Sisyphe
Sisyphe is a generic NodeJS recursive folder analyser terminal application & a (lerna) git monorepo.
Requirements
Tested with NodeJS@8.X, Redis@3.2.6
Works on Linux/OSX/Windows
Example to run a quick local redis (thanks to docker):
docker run --name sisyphe-redis -p 6379:6379 redis:3.2.6
Install it
- Download the latest Sisyphe version
- Just do :
npm install
(this will execute a npm postinstall) - ... that's it.
Test
npm run test
will test sisyphe & its workers
Help
./app.js --help
Will output help
Options
-V, --version output the version number
-n, --corpusname <name> Corpus name
-s, --select <name> Select all module to deal with
-c, --config-dir <path> Configuration folder path
-t, --thread <number> The number of process which sisyphe will take
-b, --bundle <number> Regroup jobs in bundle of jobs
-r, --remove-module <name> Remove module name from the workflow
-q, --quiet Silence output
-l, --list List all available workers
-h, --help output usage information
How it works ?
Just start Sisyphe on a folder with any files in it.

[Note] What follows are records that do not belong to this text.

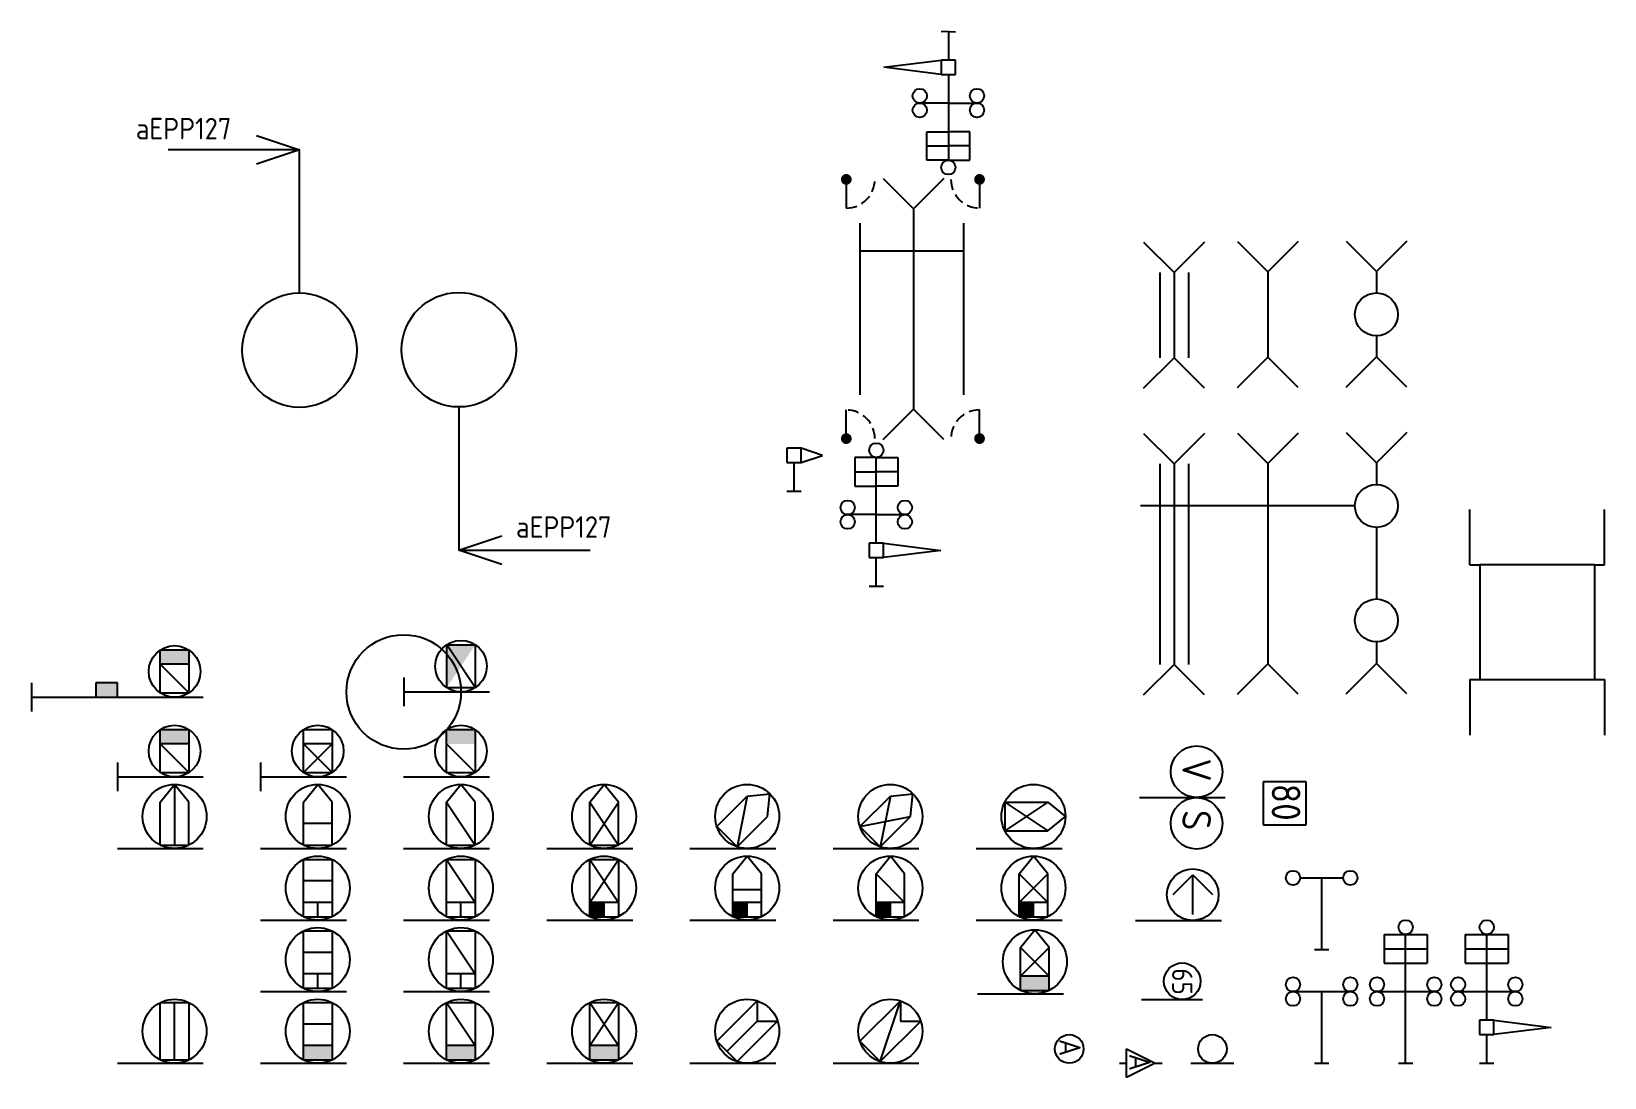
# Model space of a CAD drawing. Extents: x -202 to 266, y -387 to 284.
# Drawn here: x -86.3 to 23.6, y 197.6 to 270.7 of the extents above; entities that cross this region are included whole.
import ezdxf

# ---------------------------------------------------------------- set-up
doc = ezdxf.new("R2010")
doc.units = 0
doc.linetypes.add('DASHED2', pattern=[0.375, 0.25, -0.125])
doc.layers.get('0').update_dxf_attribs({"linetype": 'CONTINUOUS'})
doc.layers.add('CONST', color=1, linetype='CONTINUOUS')
doc.styles.get("Standard").update_dxf_attribs({"font": 'ISOCP'})

msp = doc.modelspace()

# ---------------------------------------------------------------- linework, layer by layer
for p, q in [((-22.19732, 270.69932), (-22.69682, 270.67714)), ((-22.19732, 270.69932), (-22.19732, 268.69932)), ((-22.19732, 270.69932), (-22.19732, 268.69932)), ((-22.19732, 270.69932), (-21.69781, 270.67714)), ((-26.69732, 268.19932), (-22.69732, 268.69932)), ((-22.69732, 267.69932), (-26.69732, 268.19932)), ((-22.19732, 268.69932), (-22.69732, 268.69932)), ((-22.69732, 268.69932), (-22.69732, 267.69932)), ((-21.69732, 268.69932), (-22.19732, 268.69932)), ((-21.69732, 267.69932), (-21.69732, 268.69932)), ((-22.69732, 267.69932), (-21.69732, 267.69932)), ((-22.19732, 267.69932), (-22.19732, 261.69932)), ((-22.19732, 267.69932), (-22.19732, 261.69932)), ((-22.19732, 265.69932), (-24.19732, 265.69932)), ((-22.19732, 265.69932), (-20.19732, 265.69932)), ((-70.5301, 263.43932), (-67.5301, 262.43932)), ((-23.69732, 263.69932), (-22.19732, 263.69932)), ((-23.69732, 261.69932), (-23.69732, 263.69932)), ((-23.69732, 262.69932), (-22.19732, 262.69932)), ((-20.69732, 263.69932), (-22.19732, 263.69932)), ((-20.69732, 262.69932), (-22.19732, 262.69932)), ((-20.69732, 261.69932), (-20.69732, 263.69932)), ((-67.5301, 262.43932), (-76.69915, 262.43932)), ((-67.5301, 262.43932), (-70.5301, 261.43932)), ((-22.19732, 261.69932), (-23.69732, 261.69932)), ((-22.19732, 261.69932), (-20.69732, 261.69932)), ((-29.32889, 260.36606), (-29.32889, 258.36606)), ((-29.32889, 260.36606), (-29.32889, 258.36606)), ((-26.75446, 260.43506), (-24.63314, 258.31374)), ((-22.51182, 260.43506), (-24.63314, 258.31374)), ((-20.0197, 260.36606), (-20.0197, 258.36606)), ((-24.63314, 258.31374), (-24.63314, 244.31374)), ((-28.35768, 245.30681), (-28.35768, 257.30681)), ((-28.35768, 245.30681), (-28.35768, 257.30681)), ((-21.11345, 245.30681), (-21.11345, 257.30681)), ((5.58219, 256.05882), (7.70351, 253.9375)), ((9.82483, 256.05882), (7.70351, 253.9375)), ((-8.55412, 255.99294), (-6.4328, 253.87162)), ((-4.31148, 255.99294), (-6.4328, 253.87162)), ((-2.00953, 256.02588), (0.11179, 253.90456)), ((2.23311, 256.02588), (0.11179, 253.90456)), ((-7.4328, 253.87162), (-7.4328, 247.91194)), ((-6.4328, 253.87162), (-6.4328, 247.91194)), ((-5.4328, 253.87162), (-5.4328, 247.91194)), ((0.11179, 253.90456), (0.11179, 247.94488)), ((-8.55412, 245.79062), (-6.4328, 247.91194)), ((-4.31148, 245.79062), (-6.4328, 247.91194)), ((-2.00953, 245.82356), (0.11179, 247.94488)), ((2.23311, 245.82356), (0.11179, 247.94488)), ((5.58219, 245.8565), (7.70351, 247.97782)), ((9.82483, 245.8565), (7.70351, 247.97782)), ((-29.32889, 242.26142), (-29.32889, 244.26142)), ((-29.32889, 242.26142), (-29.32889, 244.26142)), ((-26.75446, 242.19242), (-24.63314, 244.31374)), ((-22.51182, 242.19242), (-24.63314, 244.31374)), ((-20.0197, 242.26142), (-20.0197, 244.26142)), ((-8.55412, 242.6136), (-6.4328, 240.49228)), ((-4.31148, 242.6136), (-6.4328, 240.49228)), ((-2.00953, 242.64654), (0.11179, 240.52522)), ((2.23311, 242.64654), (0.11179, 240.52522)), ((5.58219, 242.67948), (7.70351, 240.55816)), ((9.82483, 242.67948), (7.70351, 240.55816)), ((-32.48014, 241.59055), (-33.48014, 241.59055)), ((-33.48014, 241.59055), (-33.48014, 240.59055)), ((-32.48014, 240.59055), (-32.48014, 241.59055)), ((-30.98014, 241.09055), (-32.48014, 241.59055)), ((-32.48014, 240.59055), (-30.98014, 241.09055)), ((-28.7336, 240.94886), (-28.7336, 238.94886)), ((-27.2336, 240.94886), (-28.7336, 240.94886)), ((-27.2336, 240.94886), (-25.7336, 240.94886)), ((-27.2336, 234.94886), (-27.2336, 240.94886)), ((-27.2336, 234.94886), (-27.2336, 240.94886)), ((-25.7336, 240.94886), (-25.7336, 238.94886)), ((-33.48014, 240.59055), (-32.98014, 240.59055)), ((-32.98014, 238.59055), (-32.98014, 240.59055)), ((-32.98014, 238.59055), (-32.98014, 240.59055)), ((-32.98014, 240.59055), (-32.48014, 240.59055)), ((-28.7336, 239.94886), (-27.2336, 239.94886)), ((-25.7336, 239.94886), (-27.2336, 239.94886)), ((-7.4328, 240.49228), (-7.4328, 226.49228)), ((-6.4328, 240.49228), (-6.4328, 226.49228)), ((-5.4328, 240.49228), (-5.4328, 226.49228)), ((0.11179, 240.52522), (0.11179, 226.52522)), ((-33.48014, 238.59055), (-32.48014, 238.59055)), ((-28.7336, 238.94886), (-27.2336, 238.94886)), ((-25.7336, 238.94886), (-27.2336, 238.94886)), ((-27.2336, 236.94886), (-29.2336, 236.94886)), ((-27.2336, 236.94886), (-25.2336, 236.94886)), ((14.22299, 233.43241), (14.22299, 237.30767)), ((23.64201, 233.43241), (23.64201, 237.30767)), ((-56.39587, 234.4691), (-53.39587, 235.4691)), ((-53.39587, 233.4691), (-56.39587, 234.4691)), ((-56.39587, 234.4691), (-47.22682, 234.4691)), ((-27.7336, 234.94886), (-27.7336, 233.94886)), ((-26.7336, 234.94886), (-27.7336, 234.94886)), ((-26.7336, 234.94886), (-22.7336, 234.44886)), ((-26.7336, 233.94886), (-26.7336, 234.94886)), ((-22.7336, 234.44886), (-26.7336, 233.94886)), ((-27.7336, 233.94886), (-27.2336, 233.94886)), ((-27.2336, 231.94886), (-27.2336, 233.94886)), ((-27.2336, 231.94886), (-27.2336, 233.94886)), ((-27.2336, 233.94886), (-26.7336, 233.94886)), ((14.22299, 233.43241), (14.9325, 233.43241)), ((22.9325, 233.43241), (14.9325, 233.43241)), ((22.9325, 233.43241), (23.64201, 233.43241)), ((-27.7336, 231.94886), (-26.7336, 231.94886)), ((-77.25156, 224.49523), (-77.25156, 227.49523)), ((-77.25156, 227.49523), (-75.25156, 227.49523)), ((-75.25156, 227.49523), (-75.25156, 224.49523)), ((-77.25156, 226.49523), (-75.25156, 224.49523)), ((-75.25156, 226.49523), (-77.25156, 226.49523)), ((-8.55412, 224.37096), (-6.4328, 226.49228)), ((-4.31148, 224.37096), (-6.4328, 226.49228)), ((-2.00953, 224.4039), (0.11179, 226.52522)), ((2.23311, 224.4039), (0.11179, 226.52522)), ((5.58219, 224.43684), (7.70351, 226.55816)), ((9.82483, 224.43684), (7.70351, 226.55816)), ((14.22299, 225.43241), (14.9325, 225.43241)), ((14.22299, 225.43241), (14.22299, 221.55716)), ((14.9325, 225.43241), (22.9325, 225.43241)), ((22.9325, 225.43241), (23.64201, 225.43241)), ((22.9325, 225.43241), (22.9325, 225.43241)), ((23.64201, 225.43241), (23.64201, 221.55716)), ((-86.25156, 225.19245), (-86.25156, 223.19245)), ((-86.25156, 224.19245), (-80.25156, 224.19245)), ((-80.25156, 225.19245), (-81.75156, 225.19245)), ((-81.75156, 225.19245), (-81.75156, 224.19245)), ((-80.25156, 224.19245), (-80.25156, 225.19245)), ((-80.25156, 224.19245), (-74.25156, 224.19245)), ((-77.25156, 224.49523), (-75.25156, 224.49523)), ((-77.25156, 221.93416), (-75.25156, 221.93416)), ((-77.25156, 218.93416), (-77.25156, 221.93416)), ((-75.25156, 220.93416), (-77.25156, 220.93416)), ((-77.25156, 220.93416), (-75.25156, 218.93416)), ((-75.25156, 221.93416), (-75.25156, 218.93416)), ((-67.25156, 221.93416), (-65.25156, 221.93416)), ((-67.25156, 218.93416), (-67.25156, 221.93416)), ((-65.25156, 220.93416), (-67.25156, 220.93416)), ((-67.25156, 220.93416), (-65.25156, 218.93416)), ((-67.25156, 218.93416), (-65.25156, 220.93416)), ((-65.25156, 221.93416), (-65.25156, 218.93416)), ((-57.25156, 218.93416), (-57.25156, 221.93416)), ((-57.25156, 221.93416), (-55.25156, 221.93416)), ((-57.25156, 220.93416), (-55.25156, 218.93416)), ((-55.25156, 221.93416), (-55.25156, 218.93416)), ((-80.25156, 219.63138), (-80.25156, 217.63138)), ((-77.25156, 218.93416), (-75.25156, 218.93416)), ((-70.25156, 219.63138), (-70.25156, 217.63138)), ((-67.25156, 218.93416), (-65.25156, 218.93416)), ((-57.25156, 218.93416), (-55.25156, 218.93416)), ((-80.25156, 218.63138), (-74.25156, 218.63138)), ((-77.25156, 216.86745), (-76.25156, 218.10352)), ((-75.25156, 216.86745), (-76.25156, 218.10352)), ((-76.25156, 218.10352), (-76.25156, 213.86745)), ((-70.25156, 218.63138), (-64.25156, 218.63138)), ((-67.25156, 216.86745), (-66.25156, 218.10352)), ((-65.25156, 216.86745), (-66.25156, 218.10352)), ((-60.25156, 218.63138), (-54.25156, 218.63138)), ((-57.25156, 216.86745), (-56.25156, 218.10352)), ((-55.25156, 216.86745), (-56.25156, 218.10352)), ((-47.25156, 216.86745), (-46.25156, 218.10352)), ((-45.25156, 216.86745), (-46.25156, 218.10352)), ((2.80093, 218.27877), (-0.19907, 218.27877)), ((-0.19907, 218.27877), (-0.19907, 215.27877)), ((2.80093, 215.27877), (2.80093, 218.27877)), ((-77.25156, 213.86745), (-77.25156, 216.86745)), ((-75.25156, 213.86745), (-75.25156, 216.86745)), ((-67.25156, 213.86745), (-67.25156, 216.86745)), ((-65.25156, 213.86745), (-65.25156, 216.86745)), ((-57.25156, 213.86745), (-57.25156, 216.86745)), ((-57.25156, 216.86745), (-55.25156, 213.86745)), ((-55.25156, 213.86745), (-55.25156, 216.86745)), ((-47.25156, 213.86745), (-47.25156, 216.86745)), ((-47.25156, 216.86745), (-45.25156, 213.86745)), ((-47.25156, 213.86745), (-45.25156, 216.86745)), ((-45.25156, 213.86745), (-45.25156, 216.86745)), ((-38.37288, 215.16034), (-36.25156, 217.28166)), ((-36.25156, 217.28166), (-36.95867, 213.74613)), ((-36.25156, 217.28166), (-34.67042, 217.44859)), ((-34.83735, 215.86745), (-34.67042, 217.44859)), ((-28.37288, 215.16034), (-26.25156, 217.28166)), ((-26.25156, 217.28166), (-26.95867, 213.74613)), ((-26.25156, 217.28166), (-24.67042, 217.44859)), ((-24.83735, 215.86745), (-24.67042, 217.44859)), ((-18.25156, 216.86745), (-18.25156, 214.86745)), ((-18.25156, 216.86745), (-15.25156, 214.86745)), ((-18.25156, 216.86745), (-15.25156, 216.86745)), ((-15.25156, 216.86745), (-18.25156, 214.86745)), ((-15.25156, 216.86745), (-14.01549, 215.86745)), ((-8.85653, 217.19097), (-2.85653, 217.19097)), ((-36.95867, 213.74613), (-34.83735, 215.86745)), ((-28.37288, 215.16034), (-24.83735, 215.86745)), ((-26.95867, 213.74613), (-24.83735, 215.86745)), ((-15.25156, 214.86745), (-14.01549, 215.86745)), ((-65.25156, 215.36745), (-67.25156, 215.36745)), ((-38.37288, 215.16034), (-36.95867, 213.74613)), ((-28.37288, 215.16034), (-26.95867, 213.74613)), ((-18.25156, 214.86745), (-15.25156, 214.86745)), ((-0.19907, 215.27877), (2.80093, 215.27877)), ((-80.25156, 213.63138), (-74.25156, 213.63138)), ((-77.25156, 213.86745), (-75.25156, 213.86745)), ((-70.25156, 213.63138), (-64.25156, 213.63138)), ((-67.25156, 213.86745), (-65.25156, 213.86745)), ((-60.25156, 213.63138), (-54.25156, 213.63138)), ((-57.25156, 213.86745), (-55.25156, 213.86745)), ((-50.25156, 213.63138), (-44.25156, 213.63138)), ((-47.25156, 213.86745), (-45.25156, 213.86745)), ((-40.25156, 213.63138), (-34.25156, 213.63138)), ((-30.25156, 213.63138), (-24.25156, 213.63138)), ((-20.25156, 213.63138), (-14.25156, 213.63138)), ((-67.25156, 208.86745), (-67.25156, 212.86745)), ((-67.25156, 212.86745), (-65.25156, 212.86745)), ((-65.25156, 212.86745), (-65.25156, 208.86745)), ((-57.25156, 212.86745), (-55.25156, 209.86745)), ((-57.25156, 208.86745), (-57.25156, 212.86745)), ((-57.25156, 212.86745), (-55.25156, 212.86745)), ((-55.25156, 212.86745), (-55.25156, 208.86745)), ((-47.25156, 209.86745), (-45.25156, 212.86745)), ((-47.25156, 212.86745), (-45.25156, 209.86745)), ((-47.25156, 208.86745), (-47.25156, 212.86745)), ((-47.25156, 212.86745), (-45.25156, 212.86745)), ((-45.25156, 212.86745), (-45.25156, 208.86745)), ((-37.25156, 211.86745), (-36.25156, 213.10352)), ((-35.25156, 211.86745), (-36.25156, 213.10352)), ((-27.25156, 211.86745), (-26.25156, 213.10352)), ((-25.25156, 211.86745), (-26.25156, 213.10352)), ((-17.25156, 211.86745), (-16.25156, 213.10352)), ((-15.25156, 211.86745), (-16.25156, 213.10352)), ((-65.25156, 211.36745), (-67.25156, 211.36958)), ((-37.25156, 208.86745), (-37.25156, 211.86745)), ((-35.25156, 208.86745), (-35.25156, 211.86745)), ((-27.25156, 211.86745), (-25.25156, 209.86745)), ((-27.25156, 208.86745), (-27.25156, 211.86745)), ((-25.25156, 208.86745), (-25.25156, 211.86745)), ((-17.25156, 208.86745), (-17.25156, 211.86745)), ((-17.25156, 211.86745), (-15.25156, 209.86745)), ((-17.25156, 209.86745), (-15.25156, 211.86745)), ((-15.25156, 208.86745), (-15.25156, 211.86745)), ((-6.50129, 210.40791), (-5.12184, 211.78736)), ((-5.12184, 211.78736), (-3.74239, 210.40791)), ((-5.12184, 209.02846), (-5.12184, 211.78736)), ((2.38093, 211.57563), (5.38093, 211.57563)), ((3.88093, 206.57563), (3.88093, 211.57563)), ((3.88093, 206.57563), (3.88093, 211.57563)), ((-37.25156, 210.77322), (-35.25156, 210.77322)), ((-65.25156, 209.86745), (-67.25156, 209.86745)), ((-67.25156, 208.86745), (-65.25156, 208.86745)), ((-66.25156, 208.86745), (-66.25156, 209.86745)), ((-55.25156, 209.86745), (-57.25156, 209.86745)), ((-57.25156, 208.86745), (-55.25156, 208.86745)), ((-56.25156, 208.86745), (-56.25156, 209.86745)), ((-45.25156, 209.86745), (-47.25156, 209.86745)), ((-47.25156, 208.86745), (-45.25156, 208.86745)), ((-46.25156, 208.86745), (-46.25156, 209.86745)), ((-35.25156, 209.86745), (-37.25156, 209.86745)), ((-37.25156, 208.86745), (-35.25156, 208.86745)), ((-36.25156, 208.86745), (-36.25156, 209.86745)), ((-25.25156, 209.86745), (-27.25156, 209.86745)), ((-27.25156, 208.86745), (-25.25156, 208.86745)), ((-26.25156, 208.86745), (-26.25156, 209.86745)), ((-15.25156, 209.86745), (-17.25156, 209.86745)), ((-17.25156, 208.86745), (-15.25156, 208.86745)), ((-16.25156, 208.86745), (-16.25156, 209.86745)), ((-70.25156, 208.63138), (-64.25156, 208.63138)), ((-67.25156, 207.86745), (-65.25156, 207.86745)), ((-67.25156, 203.86745), (-67.25156, 207.86745)), ((-65.25156, 207.86745), (-65.25156, 203.86745)), ((-60.25156, 208.63138), (-54.25156, 208.63138)), ((-57.25156, 207.86745), (-55.25156, 207.86745)), ((-57.25156, 207.86745), (-55.25156, 204.86745)), ((-57.25156, 203.86745), (-57.25156, 207.86745)), ((-55.25156, 207.86745), (-55.25156, 203.86745)), ((-50.25156, 208.63138), (-44.25156, 208.63138)), ((-40.25156, 208.63138), (-34.25156, 208.63138)), ((-30.25156, 208.63138), (-24.25156, 208.63138)), ((-20.25156, 208.63138), (-14.25156, 208.63138)), ((-17.15362, 206.71996), (-16.15362, 207.95603)), ((-15.15362, 206.71996), (-16.15362, 207.95603)), ((-9.12184, 208.60514), (-3.12184, 208.60514)), ((-17.15362, 203.71996), (-17.15362, 206.71996)), ((-17.15362, 204.71996), (-15.15362, 206.71996)), ((-17.15362, 206.71996), (-15.15362, 204.71996)), ((-15.15362, 203.71996), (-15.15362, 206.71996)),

node app -n corpusname ~/Documents/customfolder/corpus
node app -n corpusname -c ~/Documents/customfolder/corpusResources ~/Documents/customfolder/corpus
Sisyphe is now working in background with all your computer thread. Just take a coffee and wait , it will prevent you when it's done :)
The results of sisyphe are present @ sisyphe/out/{timestamp}-corpusname/
(errors,info,duration..)
For a control panel & full binded app, go to Sisyphe-monitor
sisyphe has a server that allows to control it and to obtain more information on its execution.
Simply run the server with npm run server
to access these features
Modules
There is a list of default modules (focused on xml & pdf).
Those URL NEED to be updated when merge branch will be ok.
- FILETYPE Will detect mimetype,extension, corrupted files..
- PDF Will get info from PDF (version, author, meta...)
- XML Will check if it's wellformed, valid-dtd's, get elements from balises ...
- XPATH Will generate a complete list of xpaths from submitted folder
- OUT Will export data to json file & ElasticSearch database
- NB Try to assing some categories to an XML document by using its abstract
- MULTICAT Try to assing some categories to an XML document by using its identifiers
- TEEFT Try to extract keywords of a fulltext
- SKEEFT Try to extract keywords of a structured fulltext by using teeft algorithm and text structuration
Developpement on worker
When you work on worker, just:
- Commit your changes as easy
- Do a
npm run updated
(to check what worker has changed) - Do a
npm run publish
(it will ask you to change version of module worker & publish it to github)
Modules informations
Some bugs could occured with certains files with 'skeeft' on windows module please just disactivate it until we fix.